Tell me about your experiences working in politics and with politicians.

Well, with politicians you have to sing their tone. Like anything else, there are good politicians and bad politicians. Some people would like to crusade to change the bad politicians, but I would rather work with the good politicians and then let others follow their model. They can realize that doing really well in things like education and healthcare can also get them those votes they want.

You have to work with those willing to work with you, instead of working with politics as a whole. Sometimes the public education is itself highly politicized. Schools complain about people influencing the hiring and firing of teachers and moving principals around, which is tough.

We’ve realized the promise in working with local government officials rather than on a national level. The national level is too big, but locally so much can be done.

Where could ACED use help?

For replication, I’ve had it suggested, and wonder, can there be two of us, as in an equivalent center, somewhere else, like in Cebu? Again, we can hand the information over to whomever, but I ask, can somebody in, say Nueva Ecija have the capability to execute the program?

One big area we could use help in is research, as we really have so many things going on at one time. We could use some people, or volunteers, to synthesize what we’ve learned in many areas. I’ve seen in a few schools and am interested in identifying the factors that help specific students do really well.

We could use specific financial assistance, too, whether a partner wants to contribute for feeding programs or supplying instructional materials.

How do partnerships with groups like Health Development work?

For example, the Ateneo School of Medicine and Public Health makes a unique part of its training having students experience health issues out in the world, emphasizing the aspect of public health. One group has helped us set up things as basic as hand cleaning and tooth-brushing stations in the schools. These types of interventions have to fulfill specific needs; it can’t be teaching these skills, but actually providing them. Most of our students don’t even have the money to buy toothpaste or soap. They try to be resourceful and use other materials like fluoride drops instead of toothpaste, and other things like that as well.

The other side of the work is engaging medical professionals like dentists and ophthalmologists in the work. Everything we do is related to this Third World poverty, where absences can be due to things like toothaches and headaches, and students fail because they really need glasses and can’t even see the blackboard. People need to understand that.

We can’t limit our work to the educational world and ignore how poverty impacts a child’s performance in school.

Where do you see ACED partnerships with other organizations happening and expanding?

This year, we are seeing things like partnering with the Jollibee Foundation and are very excited that parents from Ateneo High School want to adopt projects for each class year.

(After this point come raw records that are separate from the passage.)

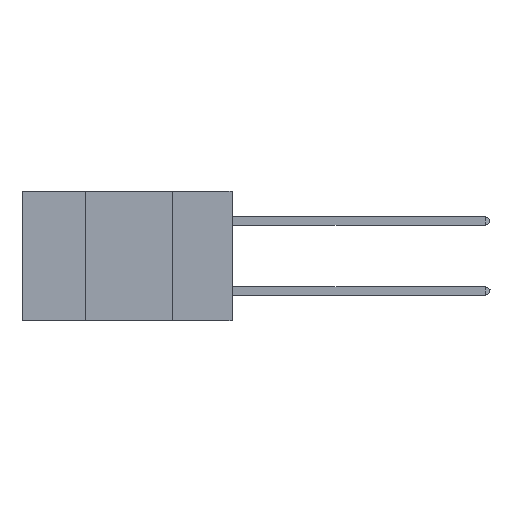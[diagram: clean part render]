
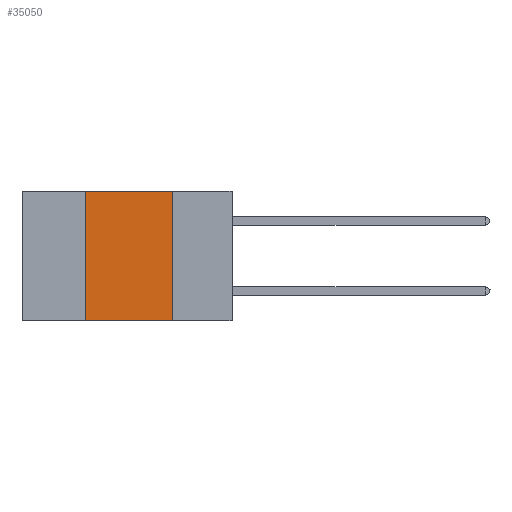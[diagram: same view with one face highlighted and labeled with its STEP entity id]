
A CAD part, left-side view. The second image highlights one B-rep face of the part: STEP entity #35050.
In plain terms, the highlighted planar face has unit normal (-1, 0, 0).
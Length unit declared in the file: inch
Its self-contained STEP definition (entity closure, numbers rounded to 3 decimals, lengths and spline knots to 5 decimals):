
#1575 = LINE ( 'NONE', #15627, #31237 ) ;
#3630 = EDGE_LOOP ( 'NONE', ( #4868, #12835, #13827, #35861 ) ) ;
#3684 = DIRECTION ( 'NONE',  ( 1., 0., 0. ) ) ;
#4059 = VERTEX_POINT ( 'NONE', #33014 ) ;
#4868 = ORIENTED_EDGE ( 'NONE', *, *, #9533, .F. ) ;
#6042 = DIRECTION ( 'NONE',  ( 0., -1., 0. ) ) ;
#6390 = FACE_OUTER_BOUND ( 'NONE', #3630, .T. ) ;
#7030 = VERTEX_POINT ( 'NONE', #36703 ) ;
#8144 = CARTESIAN_POINT ( 'NONE',  ( 0., 0.42, -0.37 ) ) ;
#9095 = AXIS2_PLACEMENT_3D ( 'NONE', #12918, #3684, #12345 ) ;
#9533 = EDGE_CURVE ( 'NONE', #4059, #7030, #1575, .T. ) ;
#11369 = DIRECTION ( 'NONE',  ( 0., 0., 1. ) ) ;
#11401 = VERTEX_POINT ( 'NONE', #33605 ) ;
#11504 = VECTOR ( 'NONE', #6042, 39.37008 ) ;
#12345 = DIRECTION ( 'NONE',  ( 0., 0., -1. ) ) ;
#12835 = ORIENTED_EDGE ( 'NONE', *, *, #25869, .F. ) ;
#12918 = CARTESIAN_POINT ( 'NONE',  ( 0., 0.6, 0. ) ) ;
#13121 = DIRECTION ( 'NONE',  ( 0., 0., -1. ) ) ;
#13645 = LINE ( 'NONE', #31489, #29032 ) ;
#13827 = ORIENTED_EDGE ( 'NONE', *, *, #28549, .F. ) ;
#15627 = CARTESIAN_POINT ( 'NONE',  ( 0., 0.17, 0. ) ) ;
#17479 = LINE ( 'NONE', #23592, #21347 ) ;
#17576 = LINE ( 'NONE', #35559, #11504 ) ;
#17982 = VERTEX_POINT ( 'NONE', #8144 ) ;
#21347 = VECTOR ( 'NONE', #29344, 39.37008 ) ;
#23592 = CARTESIAN_POINT ( 'NONE',  ( 0., 0.6, 0. ) ) ;
#24950 = EDGE_CURVE ( 'NONE', #17982, #7030, #17576, .T. ) ;
#25869 = EDGE_CURVE ( 'NONE', #11401, #4059, #17479, .T. ) ;
#28549 = EDGE_CURVE ( 'NONE', #17982, #11401, #13645, .T. ) ;
#29032 = VECTOR ( 'NONE', #11369, 39.37008 ) ;
#29344 = DIRECTION ( 'NONE',  ( 0., -1., 0. ) ) ;
#31237 = VECTOR ( 'NONE', #13121, 39.37008 ) ;
#31489 = CARTESIAN_POINT ( 'NONE',  ( 0., 0.42, 0. ) ) ;
#32855 = PLANE ( 'NONE',  #9095 ) ;
#33014 = CARTESIAN_POINT ( 'NONE',  ( 0., 0.17, 0. ) ) ;
#33605 = CARTESIAN_POINT ( 'NONE',  ( 0., 0.42, 0. ) ) ;
#35050 = ADVANCED_FACE ( 'NONE', ( #6390 ), #32855, .F. ) ;
#35559 = CARTESIAN_POINT ( 'NONE',  ( 0., 0.6, -0.37 ) ) ;
#35861 = ORIENTED_EDGE ( 'NONE', *, *, #24950, .T. ) ;
#36703 = CARTESIAN_POINT ( 'NONE',  ( 0., 0.17, -0.37 ) ) ;

Our expansion has really been amazing. I myself don’t know how it’s come to be, especially with a small staff. We do have a large base of volunteers, though, which helps a lot. Even the university students’ projects have been helpful for us. This work is really two-sided, too, as the students are not only doing service for the public schools but also being formed by the experience. We receive as we give and are formed by our work. I feel that even when students—some even come as punishment—are doing things like folding brochures or correcting exams, something is going on in their minds. They can see and think how about the reality for the poor. This kind of work can offer any volunteer the opportunity to both give and be formed.